++++ PROVIDED ENTRIES ++++

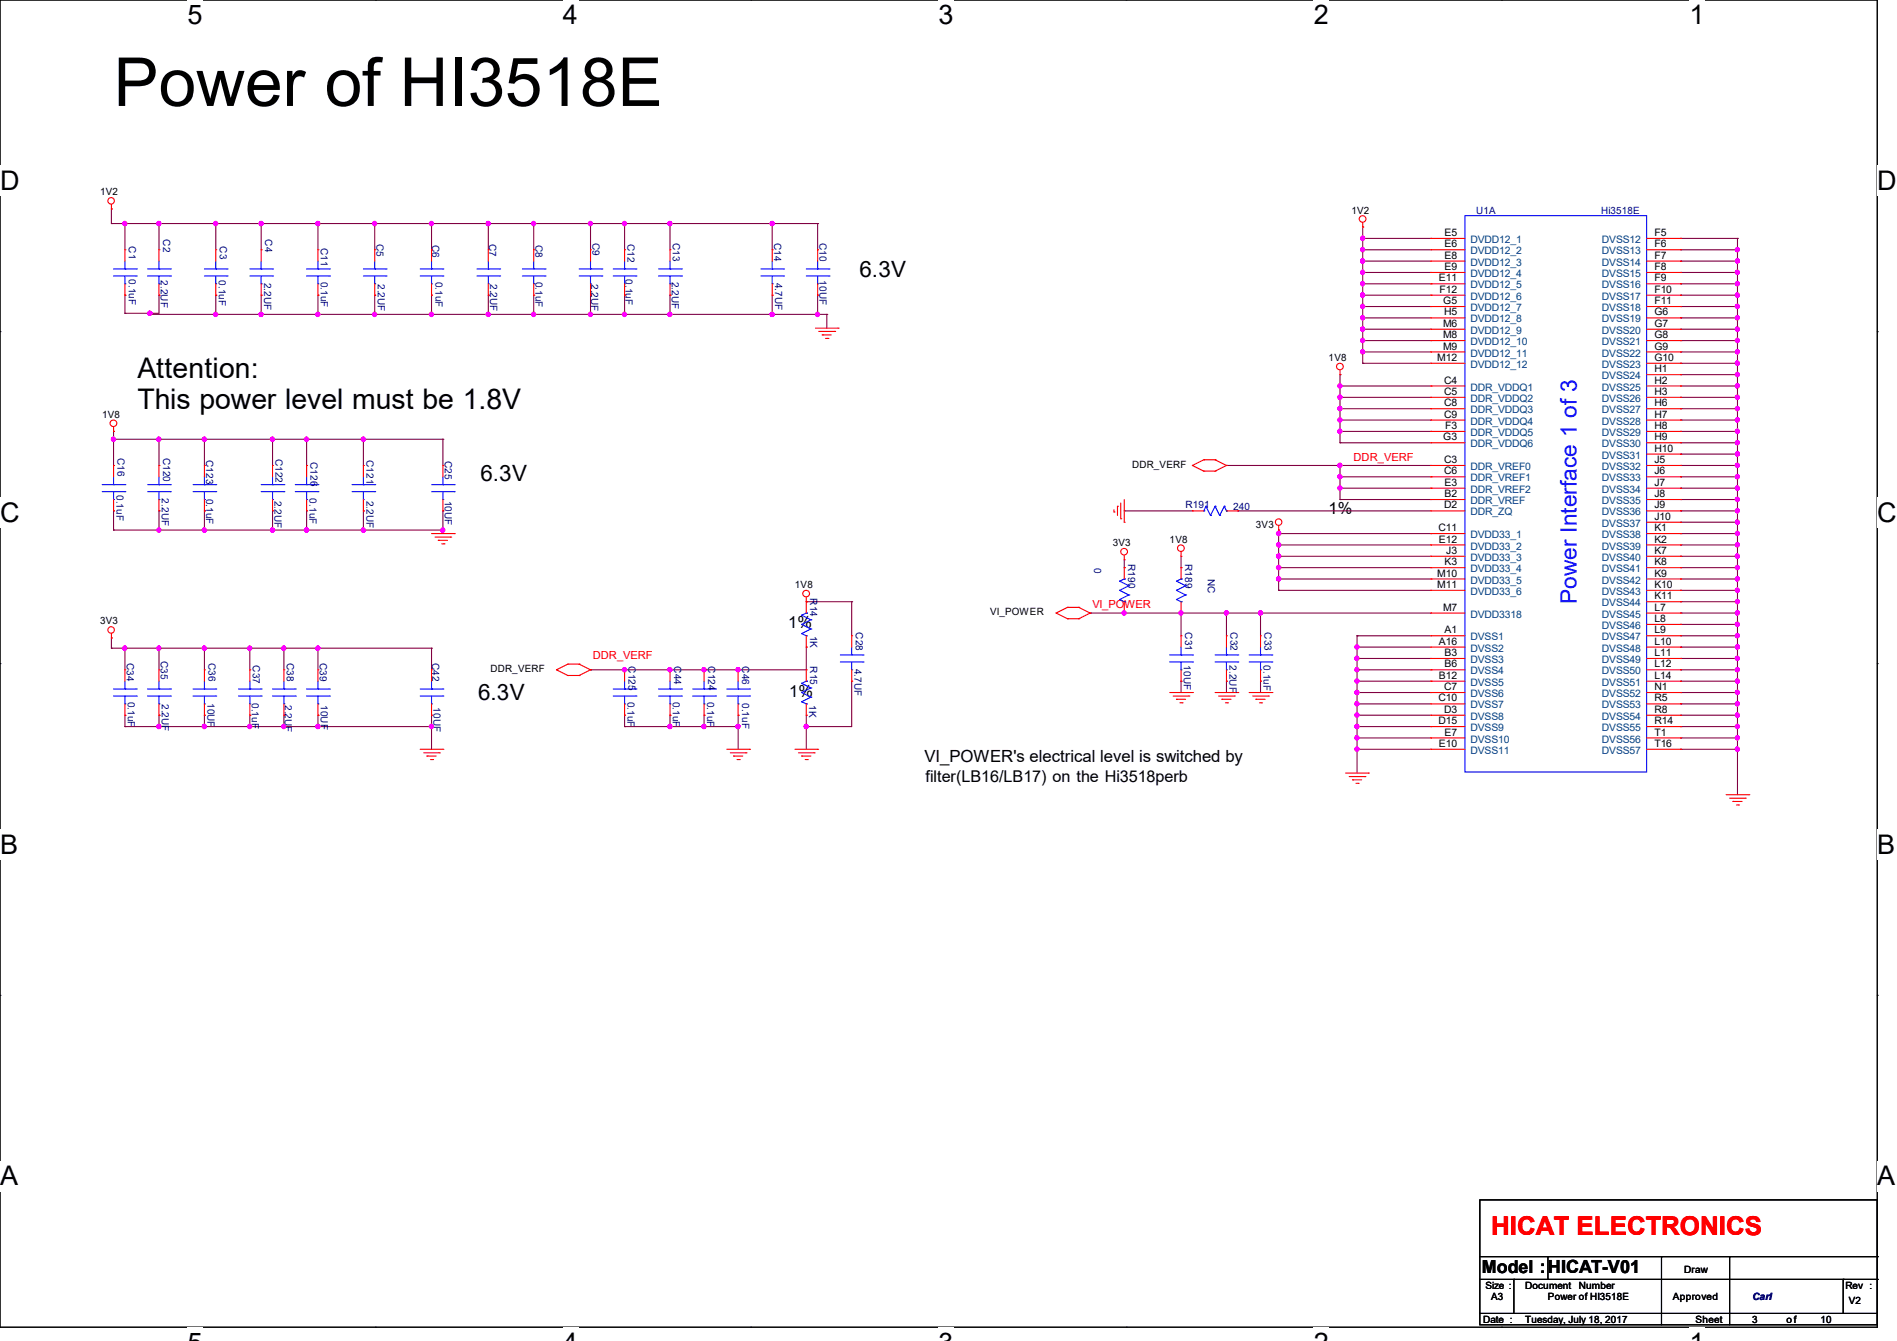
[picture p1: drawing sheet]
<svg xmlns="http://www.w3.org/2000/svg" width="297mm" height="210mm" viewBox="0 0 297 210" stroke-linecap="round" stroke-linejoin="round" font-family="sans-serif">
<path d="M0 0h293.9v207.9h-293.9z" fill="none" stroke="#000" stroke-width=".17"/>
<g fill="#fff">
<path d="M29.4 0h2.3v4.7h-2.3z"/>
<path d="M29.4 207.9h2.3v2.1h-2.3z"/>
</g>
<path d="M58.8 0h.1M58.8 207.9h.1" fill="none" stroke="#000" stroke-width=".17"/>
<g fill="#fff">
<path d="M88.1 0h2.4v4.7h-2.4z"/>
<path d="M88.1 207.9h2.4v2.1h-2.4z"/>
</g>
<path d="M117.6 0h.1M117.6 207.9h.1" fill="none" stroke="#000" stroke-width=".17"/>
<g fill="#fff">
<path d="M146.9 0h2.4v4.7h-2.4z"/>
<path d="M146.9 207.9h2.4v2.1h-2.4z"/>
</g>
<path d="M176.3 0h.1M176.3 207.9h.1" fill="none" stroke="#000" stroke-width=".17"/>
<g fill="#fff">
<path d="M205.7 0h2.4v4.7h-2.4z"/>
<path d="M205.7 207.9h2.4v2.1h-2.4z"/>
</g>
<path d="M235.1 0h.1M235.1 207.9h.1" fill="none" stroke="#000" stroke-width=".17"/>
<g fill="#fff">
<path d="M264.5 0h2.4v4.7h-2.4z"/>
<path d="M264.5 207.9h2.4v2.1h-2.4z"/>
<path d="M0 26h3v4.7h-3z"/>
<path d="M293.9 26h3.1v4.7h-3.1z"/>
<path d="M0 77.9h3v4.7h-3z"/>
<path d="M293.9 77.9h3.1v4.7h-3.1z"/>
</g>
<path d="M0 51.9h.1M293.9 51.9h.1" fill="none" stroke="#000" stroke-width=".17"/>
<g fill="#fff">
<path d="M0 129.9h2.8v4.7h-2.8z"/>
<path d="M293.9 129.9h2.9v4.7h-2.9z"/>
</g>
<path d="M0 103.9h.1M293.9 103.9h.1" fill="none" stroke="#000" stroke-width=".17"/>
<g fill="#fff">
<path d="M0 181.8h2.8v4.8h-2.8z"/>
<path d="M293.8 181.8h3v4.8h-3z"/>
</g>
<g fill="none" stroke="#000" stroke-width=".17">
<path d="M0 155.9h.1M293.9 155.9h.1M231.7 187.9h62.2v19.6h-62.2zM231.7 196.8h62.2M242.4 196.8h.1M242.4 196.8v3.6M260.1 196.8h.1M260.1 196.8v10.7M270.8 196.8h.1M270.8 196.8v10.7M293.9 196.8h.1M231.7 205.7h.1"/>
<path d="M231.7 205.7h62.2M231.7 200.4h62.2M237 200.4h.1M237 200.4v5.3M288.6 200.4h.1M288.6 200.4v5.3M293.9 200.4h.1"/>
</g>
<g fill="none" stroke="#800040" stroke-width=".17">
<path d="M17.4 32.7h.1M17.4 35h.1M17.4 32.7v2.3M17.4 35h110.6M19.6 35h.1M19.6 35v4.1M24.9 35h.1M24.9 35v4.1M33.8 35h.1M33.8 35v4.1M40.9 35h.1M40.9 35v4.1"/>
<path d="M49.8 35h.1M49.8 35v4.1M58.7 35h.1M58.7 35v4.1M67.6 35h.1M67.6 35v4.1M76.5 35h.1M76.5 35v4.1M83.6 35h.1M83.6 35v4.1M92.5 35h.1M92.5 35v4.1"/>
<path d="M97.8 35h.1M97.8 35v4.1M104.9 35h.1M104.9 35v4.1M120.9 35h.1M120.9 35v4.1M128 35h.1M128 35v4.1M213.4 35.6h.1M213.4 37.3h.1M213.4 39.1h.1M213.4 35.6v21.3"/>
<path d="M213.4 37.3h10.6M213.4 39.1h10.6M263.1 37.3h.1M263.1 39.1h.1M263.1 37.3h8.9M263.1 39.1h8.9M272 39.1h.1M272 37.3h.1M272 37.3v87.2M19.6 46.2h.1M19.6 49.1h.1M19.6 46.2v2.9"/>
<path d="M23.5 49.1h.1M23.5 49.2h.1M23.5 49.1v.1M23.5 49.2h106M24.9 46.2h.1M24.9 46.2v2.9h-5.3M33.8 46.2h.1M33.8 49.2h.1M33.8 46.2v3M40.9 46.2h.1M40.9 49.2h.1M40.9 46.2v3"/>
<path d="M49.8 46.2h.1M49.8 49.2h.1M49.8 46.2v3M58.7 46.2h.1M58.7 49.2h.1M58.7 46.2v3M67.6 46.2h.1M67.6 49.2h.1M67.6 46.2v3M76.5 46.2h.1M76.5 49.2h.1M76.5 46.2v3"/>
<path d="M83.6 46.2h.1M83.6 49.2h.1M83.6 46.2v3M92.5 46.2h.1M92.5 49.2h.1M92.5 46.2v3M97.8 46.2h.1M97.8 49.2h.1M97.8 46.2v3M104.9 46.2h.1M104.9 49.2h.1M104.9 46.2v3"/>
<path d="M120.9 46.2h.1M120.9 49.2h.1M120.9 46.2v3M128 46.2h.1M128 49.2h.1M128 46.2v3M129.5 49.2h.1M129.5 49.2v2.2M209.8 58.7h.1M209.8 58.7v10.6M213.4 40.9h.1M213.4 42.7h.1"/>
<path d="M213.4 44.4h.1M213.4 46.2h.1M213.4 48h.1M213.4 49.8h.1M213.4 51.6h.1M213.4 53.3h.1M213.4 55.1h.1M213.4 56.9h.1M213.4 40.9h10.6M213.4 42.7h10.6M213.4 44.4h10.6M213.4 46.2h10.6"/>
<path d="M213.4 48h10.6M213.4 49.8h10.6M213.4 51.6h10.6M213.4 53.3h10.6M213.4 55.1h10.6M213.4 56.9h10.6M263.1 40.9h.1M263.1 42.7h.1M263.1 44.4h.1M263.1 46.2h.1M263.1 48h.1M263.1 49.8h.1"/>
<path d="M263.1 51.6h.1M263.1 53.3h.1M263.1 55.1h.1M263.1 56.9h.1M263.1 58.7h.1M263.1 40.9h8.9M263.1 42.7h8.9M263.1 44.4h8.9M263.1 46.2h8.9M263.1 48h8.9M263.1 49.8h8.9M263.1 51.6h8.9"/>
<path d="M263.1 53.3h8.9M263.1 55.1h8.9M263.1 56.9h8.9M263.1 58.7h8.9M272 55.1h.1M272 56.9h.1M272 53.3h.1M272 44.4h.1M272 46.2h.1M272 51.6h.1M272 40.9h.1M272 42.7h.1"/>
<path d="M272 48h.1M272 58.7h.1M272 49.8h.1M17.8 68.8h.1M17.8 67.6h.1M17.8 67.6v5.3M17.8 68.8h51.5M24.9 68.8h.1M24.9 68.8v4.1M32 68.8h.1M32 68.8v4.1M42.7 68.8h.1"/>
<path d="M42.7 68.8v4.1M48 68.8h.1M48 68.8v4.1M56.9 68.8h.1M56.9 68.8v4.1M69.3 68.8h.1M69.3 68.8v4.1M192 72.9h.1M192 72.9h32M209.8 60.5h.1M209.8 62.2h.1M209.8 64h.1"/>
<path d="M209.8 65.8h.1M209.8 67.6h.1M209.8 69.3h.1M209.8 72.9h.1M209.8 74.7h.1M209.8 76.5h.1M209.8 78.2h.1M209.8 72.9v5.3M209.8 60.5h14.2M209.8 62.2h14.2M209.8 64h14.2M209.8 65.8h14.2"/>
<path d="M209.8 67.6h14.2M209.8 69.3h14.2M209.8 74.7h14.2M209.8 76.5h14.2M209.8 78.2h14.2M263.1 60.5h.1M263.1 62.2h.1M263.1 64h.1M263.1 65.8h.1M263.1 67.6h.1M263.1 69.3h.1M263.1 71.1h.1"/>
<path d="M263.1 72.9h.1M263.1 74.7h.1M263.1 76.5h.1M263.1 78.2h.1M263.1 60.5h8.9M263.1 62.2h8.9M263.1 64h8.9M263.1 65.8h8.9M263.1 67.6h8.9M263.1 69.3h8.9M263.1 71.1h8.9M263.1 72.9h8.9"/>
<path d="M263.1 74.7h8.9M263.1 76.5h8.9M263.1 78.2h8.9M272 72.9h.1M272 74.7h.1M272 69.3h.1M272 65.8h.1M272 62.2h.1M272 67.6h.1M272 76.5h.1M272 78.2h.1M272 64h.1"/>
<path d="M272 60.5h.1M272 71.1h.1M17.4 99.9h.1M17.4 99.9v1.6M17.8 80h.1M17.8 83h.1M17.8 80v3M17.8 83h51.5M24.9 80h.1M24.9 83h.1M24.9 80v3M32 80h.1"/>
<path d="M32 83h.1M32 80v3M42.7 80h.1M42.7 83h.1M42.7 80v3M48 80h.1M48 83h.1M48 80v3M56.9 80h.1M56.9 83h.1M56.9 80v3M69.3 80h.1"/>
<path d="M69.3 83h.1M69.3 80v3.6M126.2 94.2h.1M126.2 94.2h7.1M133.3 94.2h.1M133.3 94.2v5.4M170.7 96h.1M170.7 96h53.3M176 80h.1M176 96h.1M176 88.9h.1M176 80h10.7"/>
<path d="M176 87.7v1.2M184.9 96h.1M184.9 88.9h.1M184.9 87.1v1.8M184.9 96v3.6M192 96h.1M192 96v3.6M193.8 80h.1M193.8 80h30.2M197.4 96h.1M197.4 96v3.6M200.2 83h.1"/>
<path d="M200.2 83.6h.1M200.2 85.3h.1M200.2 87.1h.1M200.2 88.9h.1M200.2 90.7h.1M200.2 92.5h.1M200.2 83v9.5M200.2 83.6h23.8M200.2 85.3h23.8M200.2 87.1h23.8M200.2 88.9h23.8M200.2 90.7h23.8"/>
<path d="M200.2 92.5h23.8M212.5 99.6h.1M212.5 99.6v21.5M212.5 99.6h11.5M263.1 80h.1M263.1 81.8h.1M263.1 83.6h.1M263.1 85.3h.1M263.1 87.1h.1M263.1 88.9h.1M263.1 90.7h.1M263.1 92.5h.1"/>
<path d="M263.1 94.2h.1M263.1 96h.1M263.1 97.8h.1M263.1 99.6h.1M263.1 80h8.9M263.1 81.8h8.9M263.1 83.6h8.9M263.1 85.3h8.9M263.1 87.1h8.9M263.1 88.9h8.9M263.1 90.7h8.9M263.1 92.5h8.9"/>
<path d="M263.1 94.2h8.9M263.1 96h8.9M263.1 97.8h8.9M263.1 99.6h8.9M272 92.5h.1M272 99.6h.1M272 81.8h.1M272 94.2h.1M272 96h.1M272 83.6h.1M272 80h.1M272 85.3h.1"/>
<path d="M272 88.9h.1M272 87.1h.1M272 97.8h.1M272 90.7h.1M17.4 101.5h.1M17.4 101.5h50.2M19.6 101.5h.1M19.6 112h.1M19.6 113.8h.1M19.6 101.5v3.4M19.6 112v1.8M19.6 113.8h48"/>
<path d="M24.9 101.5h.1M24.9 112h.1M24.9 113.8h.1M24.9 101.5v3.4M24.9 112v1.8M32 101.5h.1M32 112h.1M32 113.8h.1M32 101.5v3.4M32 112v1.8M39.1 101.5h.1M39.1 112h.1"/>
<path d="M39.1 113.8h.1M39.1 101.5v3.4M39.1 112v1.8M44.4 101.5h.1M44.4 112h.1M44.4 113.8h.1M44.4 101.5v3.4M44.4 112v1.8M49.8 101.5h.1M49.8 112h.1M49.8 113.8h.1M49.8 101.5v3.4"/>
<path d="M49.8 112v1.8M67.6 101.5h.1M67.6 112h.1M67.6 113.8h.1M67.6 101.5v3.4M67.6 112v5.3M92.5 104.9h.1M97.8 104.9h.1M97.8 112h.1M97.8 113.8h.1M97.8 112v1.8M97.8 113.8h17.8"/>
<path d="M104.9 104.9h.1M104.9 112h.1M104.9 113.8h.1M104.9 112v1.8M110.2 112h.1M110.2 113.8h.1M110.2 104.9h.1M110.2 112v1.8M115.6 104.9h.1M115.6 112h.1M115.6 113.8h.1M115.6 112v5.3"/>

++++

*ACTIVITY*.
Your task is to transcribe, with no changes, only the lines of the listing above that lie between the line holding "44.4h.1M213.4 46.2h.1M213.4 48h.1M213.4" and the line holding "48h.1M272 58.7h.1M272 49.8h.1M17.8", inclusive.

*RESPONSE*.
<path d="M213.4 44.4h.1M213.4 46.2h.1M213.4 48h.1M213.4 49.8h.1M213.4 51.6h.1M213.4 53.3h.1M213.4 55.1h.1M213.4 56.9h.1M213.4 40.9h10.6M213.4 42.7h10.6M213.4 44.4h10.6M213.4 46.2h10.6"/>
<path d="M213.4 48h10.6M213.4 49.8h10.6M213.4 51.6h10.6M213.4 53.3h10.6M213.4 55.1h10.6M213.4 56.9h10.6M263.1 40.9h.1M263.1 42.7h.1M263.1 44.4h.1M263.1 46.2h.1M263.1 48h.1M263.1 49.8h.1"/>
<path d="M263.1 51.6h.1M263.1 53.3h.1M263.1 55.1h.1M263.1 56.9h.1M263.1 58.7h.1M263.1 40.9h8.9M263.1 42.7h8.9M263.1 44.4h8.9M263.1 46.2h8.9M263.1 48h8.9M263.1 49.8h8.9M263.1 51.6h8.9"/>
<path d="M263.1 53.3h8.9M263.1 55.1h8.9M263.1 56.9h8.9M263.1 58.7h8.9M272 55.1h.1M272 56.9h.1M272 53.3h.1M272 44.4h.1M272 46.2h.1M272 51.6h.1M272 40.9h.1M272 42.7h.1"/>
<path d="M272 48h.1M272 58.7h.1M272 49.8h.1M17.8 68.8h.1M17.8 67.6h.1M17.8 67.6v5.3M17.8 68.8h51.5M24.9 68.8h.1M24.9 68.8v4.1M32 68.8h.1M32 68.8v4.1M42.7 68.8h.1"/>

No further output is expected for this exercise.